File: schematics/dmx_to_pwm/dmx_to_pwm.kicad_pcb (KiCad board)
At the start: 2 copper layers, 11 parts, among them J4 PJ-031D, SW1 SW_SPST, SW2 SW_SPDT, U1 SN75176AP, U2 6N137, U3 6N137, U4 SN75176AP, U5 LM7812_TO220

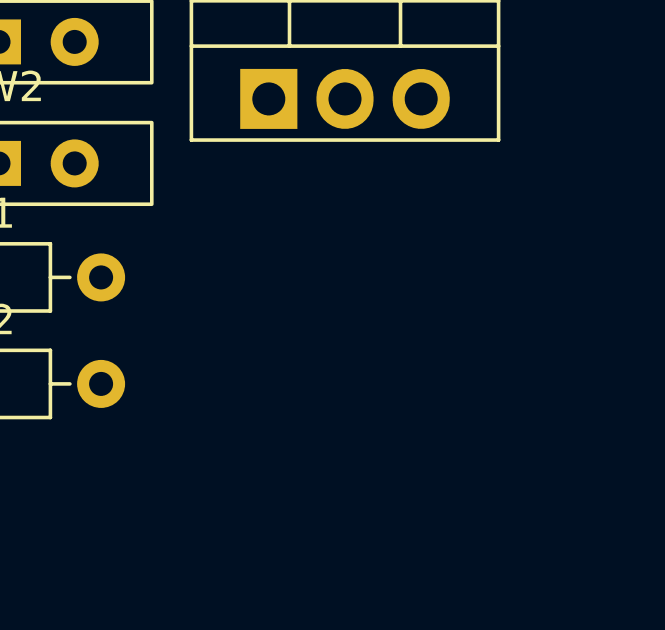
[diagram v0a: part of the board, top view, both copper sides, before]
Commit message: #5 improved schematics
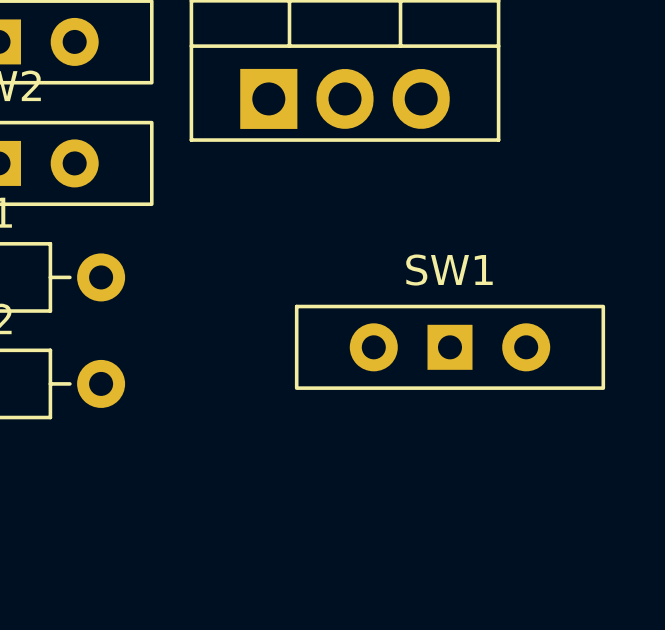
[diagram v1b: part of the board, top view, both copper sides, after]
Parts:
- added SW1: SW_SPDT, Button_Switch_THT:SW_Slide-03_Wuerth-WS-SLTV_10x2.5x6.4_P2.54mm, F.Cu at (109.2, 43.2)
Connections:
- D1 pad 2: Net-(D1-A) -> unconnected-(D1-A-Pad2)
- J4 pad 3: Net-(SW1-B) -> Net-(C3-Pad1)
- U5 pad 1: Net-(SW1-A) -> Net-(U5-VI)
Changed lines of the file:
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@@
 	(net 49 "Net-(U4-A)")
 	(net 50 "unconnected-(J4-Pad2)")
+	(net 51 "unconnected-(D1-A-Pad2)")
+	(net 52 "Net-(C3-Pad1)")
+	(net 53 "unconnected-(SW1-C-Pad2)")
+	(net 54 "Net-(U5-VI)")
 	(footprint "Button_Switch_THT:SW_Slide-03_Wuerth-WS-SLTV_10x2.5x6.4_P2.54mm"
 		(layer "F.Cu")
@@
 			(layers "*.Cu" "*.Mask")
 			(remove_unused_layers no)
-			(net 33 "Net-(SW1-B)")
+			(net 52 "Net-(C3-Pad1)")
 			(pinfunction "3")
 			(pintype "passive")
@@
 			(offset
 				(xyz -5.329999844 -0.09999999999 -2.579999885)
+			)
+			(scale
+				(xyz 1 1 1)
+			)
+			(rotate
+				(xyz 0 0 0)
+			)
+		)
+	)
+	(footprint "Button_Switch_THT:SW_Slide-03_Wuerth-WS-SLTV_10x2.5x6.4_P2.54mm"
+		(layer "F.Cu")
+		(at 109.22 43.18)
+		(descr "Wuerth, WS-SLTV, 450301014042, https://www.we-online.com/components/products/datasheet/450301014042.pdf")
+		(tags "switch single-pole double-throw SPDT würth wurth")
+		(property "Reference" "SW1"
+			(at 0 -2.54 0)
+			(layer "F.SilkS")
+			(effects
+				(font
+					(size 1 1)
+					(thickness 0.15)
+				)
+			)
+		)
+		(property "Value" "SW_SPDT"
+			(at 0 3.81 0)
+			(layer "F.Fab")
+			(effects
+				(font
+					(size 1 1)
+					(thickness 0.15)
+				)
+			)
+		)
+		(property "Footprint" "Button_Switch_THT:SW_Slide-03_Wuerth-WS-SLTV_10x2.5x6.4_P2.54mm"
+			(at 0 0 0)
+			(unlocked yes)
+			(layer "F.Fab")
+			(hide yes)
+			(effects
+				(font
+					(size 1.27 1.27)
+				)
+			)
+		)
+		(property "Datasheet" "https://www.we-online.com/components/products/datasheet/450301014042.pdf"
+			(at 0 0 0)
+			(unlocked yes)
+			(layer "F.Fab")
+			(hide yes)
+			(effects
+				(font
+					(size 1.27 1.27)
+				)
+			)
+		)
+		(property "Description" "Switch slide, single pole double throw"
+			(at 0 0 0)
+			(unlocked yes)
+			(layer "F.Fab")
+			(hide yes)
+			(effects
+				(font
+					(size 1.27 1.27)
+				)
+			)
+		)
+		(property ki_fp_filters "SW*Wuerth*WS*SLTV*10x2.5x6.4*P2.54mm*")
+		(sheetname "Root")
+		(sheetfile "dmx_to_pwm.kicad_sch")
+		(attr through_hole)
+		(fp_rect
+			(start -5.11 -1.36)
+			(end 5.11 1.36)
+			(stroke
+				(width 0.12)
+				(type default)
+			)
+			(fill none)
+			(layer "F.SilkS")
+		)
+		(fp_rect
+			(start -5.25 -1.5)
+			(end 5.25 1.5)
+			(stroke
+				(width 0.05)
+				(type default)
+			)
+			(fill none)
+			(layer "F.CrtYd")
+		)
+		(fp_rect
+			(start -5 -1.25)
+			(end 5 1.25)
+			(stroke
+				(width 0.1)
+				(type default)
+			)
+			(fill none)
+			(layer "F.Fab")
+		)
+		(fp_text user "${REFERENCE}"
+			(at 0 2.54 0)
+			(layer "F.Fab")
+			(effects
+				(font
+					(size 1 1)
+					(thickness 0.15)
+				)
+			)
+		)
+		(pad "1" thru_hole rect
+			(at 0 0)
+			(size 1.5 1.5)
+			(drill 0.8)
+			(layers "*.Cu" "*.Mask")
+			(remove_unused_layers no)
+			(net 33 "Net-(SW1-B)")
+			(pinfunction "B")
+			(pintype "passive")
+		)
+		(pad "2" thru_hole circle
+			(at -2.54 0)
+			(size 1.6 1.6)
+			(drill 0.8)
+			(layers "*.Cu" "*.Mask")
+			(remove_unused_layers no)
+			(net 53 "unconnected-(SW1-C-Pad2)")
+			(pinfunction "C")
+			(pintype "passive")
+		)
+		(pad "3" thru_hole circle
+			(at 2.54 0)
+			(size 1.6 1.6)
+			(drill 0.8)
+			(layers "*.Cu" "*.Mask")
+			(remove_unused_layers no)
+			(net 20 "VIN")
+			(pinfunction "A")
+			(pintype "passive")
+		)
+		(model "${KICAD8_3DMODEL_DIR}/Button_Switch_THT.3dshapes/SW_Slide-03_Wuerth-WS-SLTV_10x2.5x6.4_P2.54mm.wrl"
+			(offset
+				(xyz 0 0 0)
 			)
 			(scale
@@
 			(layers "*.Cu" "*.Mask")
 			(remove_unused_layers no)
-			(net 32 "Net-(SW1-A)")
+			(net 54 "Net-(U5-VI)")
 			(pinfunction "VI")
 			(pintype "power_in")
@@
 			(layers "*.Cu" "*.Mask")
 			(remove_unused_layers no)
-			(net 30 "Net-(D1-A)")
+			(net 51 "unconnected-(D1-A-Pad2)")
 			(pinfunction "A")
 			(pintype "passive")

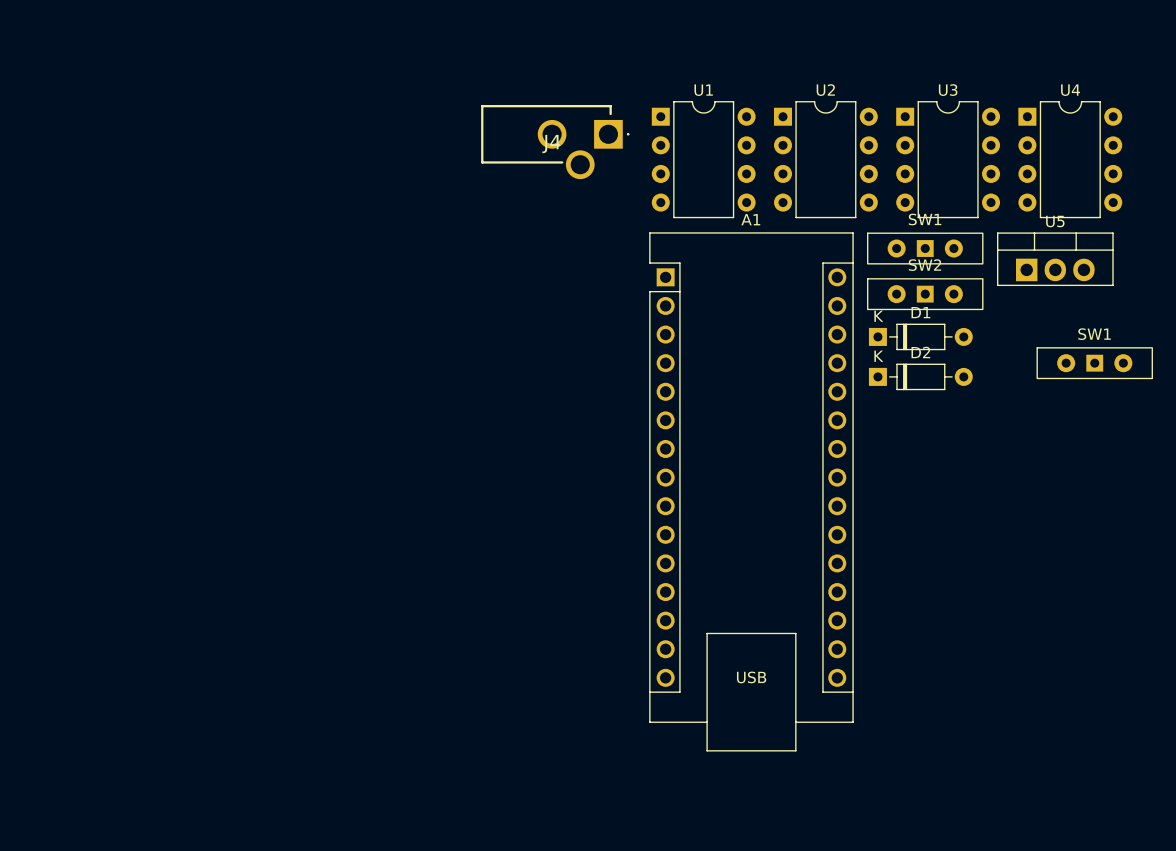
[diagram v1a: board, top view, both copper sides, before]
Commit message: updated schematics, added laser module blender file
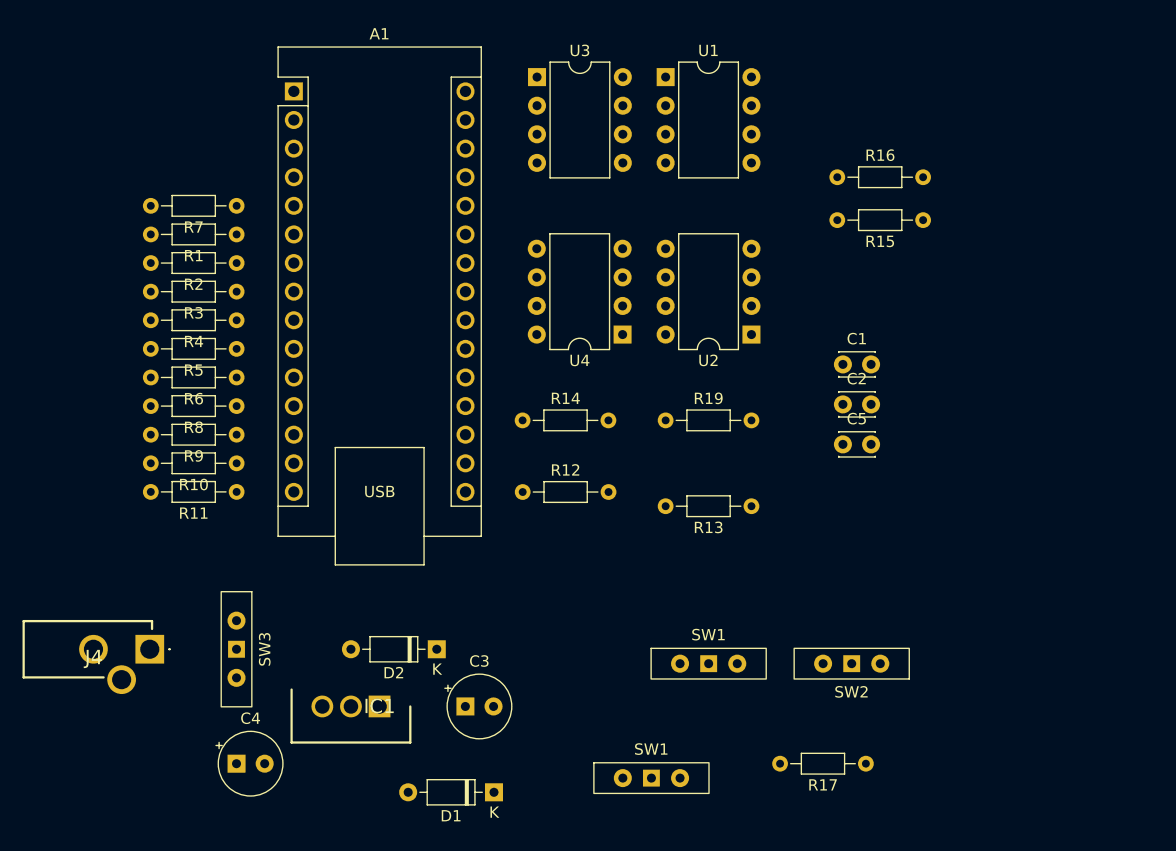
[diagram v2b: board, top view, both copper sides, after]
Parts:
- removed U5: LM7812_TO220, Package_TO_SOT_THT:TO-220-3_Vertical
- added C1: 100nF, Capacitor_THT:C_Disc_D3.0mm_W2.0mm_P2.50mm, F.Cu at (86.9, 43.3)
- added C2: 100nF, Capacitor_THT:C_Disc_D3.0mm_W2.0mm_P2.50mm, F.Cu at (86.9, 46.8)
- added C3: 10uF, Capacitor_THT:CP_Radial_Tantal_D5.5mm_P2.50mm, F.Cu at (53.3, 73.7)
- added C4: 330nF, Capacitor_THT:CP_Radial_Tantal_D5.5mm_P2.50mm, F.Cu at (33.0, 78.7)
- added C5: 100nF, Capacitor_THT:C_Disc_D3.0mm_W2.0mm_P2.50mm, F.Cu at (86.9, 50.4)
- added IC1: LM1085IT-12_NOPB, Lasers:TO254P470X1028X1955-3P, F.Cu at (45.7, 73.7)
- added R1: 1K, Resistor_THT:R_Axial_DIN0204_L3.6mm_D1.6mm_P7.62mm_Horizontal, F.Cu at (33.0, 31.8)
- added R10: 1K, Resistor_THT:R_Axial_DIN0204_L3.6mm_D1.6mm_P7.62mm_Horizontal, F.Cu at (33.0, 52.1)
- added R11: 1K, Resistor_THT:R_Axial_DIN0204_L3.6mm_D1.6mm_P7.62mm_Horizontal, F.Cu at (33.0, 54.6)
- added R12: 1K, Resistor_THT:R_Axial_DIN0204_L3.6mm_D1.6mm_P7.62mm_Horizontal, F.Cu at (58.4, 54.6)
- added R13: 470, Resistor_THT:R_Axial_DIN0204_L3.6mm_D1.6mm_P7.62mm_Horizontal, F.Cu at (78.7, 55.9)
- added R14: 4.7K, Resistor_THT:R_Axial_DIN0204_L3.6mm_D1.6mm_P7.62mm_Horizontal, F.Cu at (58.4, 48.3)
- added R15: 133, Resistor_THT:R_Axial_DIN0204_L3.6mm_D1.6mm_P7.62mm_Horizontal, F.Cu at (94.0, 30.5)
- added R16: 562, Resistor_THT:R_Axial_DIN0204_L3.6mm_D1.6mm_P7.62mm_Horizontal, F.Cu at (86.4, 26.7)
- added R17: 562, Resistor_THT:R_Axial_DIN0204_L3.6mm_D1.6mm_P7.62mm_Horizontal, F.Cu at (88.9, 78.7)
- added R19: 4.7K, Resistor_THT:R_Axial_DIN0204_L3.6mm_D1.6mm_P7.62mm_Horizontal, F.Cu at (71.1, 48.3)
- added R2: 1K, Resistor_THT:R_Axial_DIN0204_L3.6mm_D1.6mm_P7.62mm_Horizontal, F.Cu at (33.0, 34.3)
- added R3: 1K, Resistor_THT:R_Axial_DIN0204_L3.6mm_D1.6mm_P7.62mm_Horizontal, F.Cu at (33.0, 36.8)
- added R4: 1K, Resistor_THT:R_Axial_DIN0204_L3.6mm_D1.6mm_P7.62mm_Horizontal, F.Cu at (33.0, 39.4)
- added R5: 1K, Resistor_THT:R_Axial_DIN0204_L3.6mm_D1.6mm_P7.62mm_Horizontal, F.Cu at (33.0, 41.9)
- added R6: 1K, Resistor_THT:R_Axial_DIN0204_L3.6mm_D1.6mm_P7.62mm_Horizontal, F.Cu at (33.0, 44.5)
- added R7: 1K, Resistor_THT:R_Axial_DIN0204_L3.6mm_D1.6mm_P7.62mm_Horizontal, F.Cu at (33.0, 29.2)
- added R8: 1K, Resistor_THT:R_Axial_DIN0204_L3.6mm_D1.6mm_P7.62mm_Horizontal, F.Cu at (33.0, 47.0)
- added R9: 1K, Resistor_THT:R_Axial_DIN0204_L3.6mm_D1.6mm_P7.62mm_Horizontal, F.Cu at (33.0, 49.5)
- added SW3: SW_SPDT, Button_Switch_THT:SW_Slide-03_Wuerth-WS-SLTV_10x2.5x6.4_P2.54mm, F.Cu at (33.0, 68.6)
- moved J4 61.2 mm to (25.3, 68.6)
- moved SW1 52.9 mm to (69.9, 80.0)
- moved D1 52.9 mm to (55.9, 81.3), turned to 180 degrees
- moved D2 46.0 mm to (50.8, 68.6), turned to 180 degrees
- moved SW1 43.4 mm to (74.9, 69.9)
- moved U4 40.8 mm to (67.3, 40.6), turned to 180 degrees
- moved A1 36.9 mm to (38.1, 19.1)
- moved SW2 33.5 mm to (87.6, 69.9), turned to 180 degrees
- moved U3 32.9 mm to (59.7, 17.8)
- moved U2 19.5 mm to (78.7, 40.6), turned to 180 degrees
- moved U1 3.55 mm to (71.1, 17.8)
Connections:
- net Net-(U4-A) renamed DATA-_OUT
- net Net-(U4-B) renamed DATA+_OUT
- D1 pad 2: unconnected-(D1-A-Pad2) -> Net-(D1-A)
- J4 pad 3: Net-(C3-Pad1) -> TO_POE_UNREG
- U1 pad 6: Net-(U1-A) -> DATA+_IN
- U1 pad 7: Net-(U1-B) -> DATA-_IN

• • • • •

_WORK ITEM_. Leave out every line above except those from the line with "at (58.4, 48.3)" up to and including the line with "at (71.1, 48.3)", and copy those exactly.

_RESPONSE TO THE TASK_.
- added R14: 4.7K, Resistor_THT:R_Axial_DIN0204_L3.6mm_D1.6mm_P7.62mm_Horizontal, F.Cu at (58.4, 48.3)
- added R15: 133, Resistor_THT:R_Axial_DIN0204_L3.6mm_D1.6mm_P7.62mm_Horizontal, F.Cu at (94.0, 30.5)
- added R16: 562, Resistor_THT:R_Axial_DIN0204_L3.6mm_D1.6mm_P7.62mm_Horizontal, F.Cu at (86.4, 26.7)
- added R17: 562, Resistor_THT:R_Axial_DIN0204_L3.6mm_D1.6mm_P7.62mm_Horizontal, F.Cu at (88.9, 78.7)
- added R19: 4.7K, Resistor_THT:R_Axial_DIN0204_L3.6mm_D1.6mm_P7.62mm_Horizontal, F.Cu at (71.1, 48.3)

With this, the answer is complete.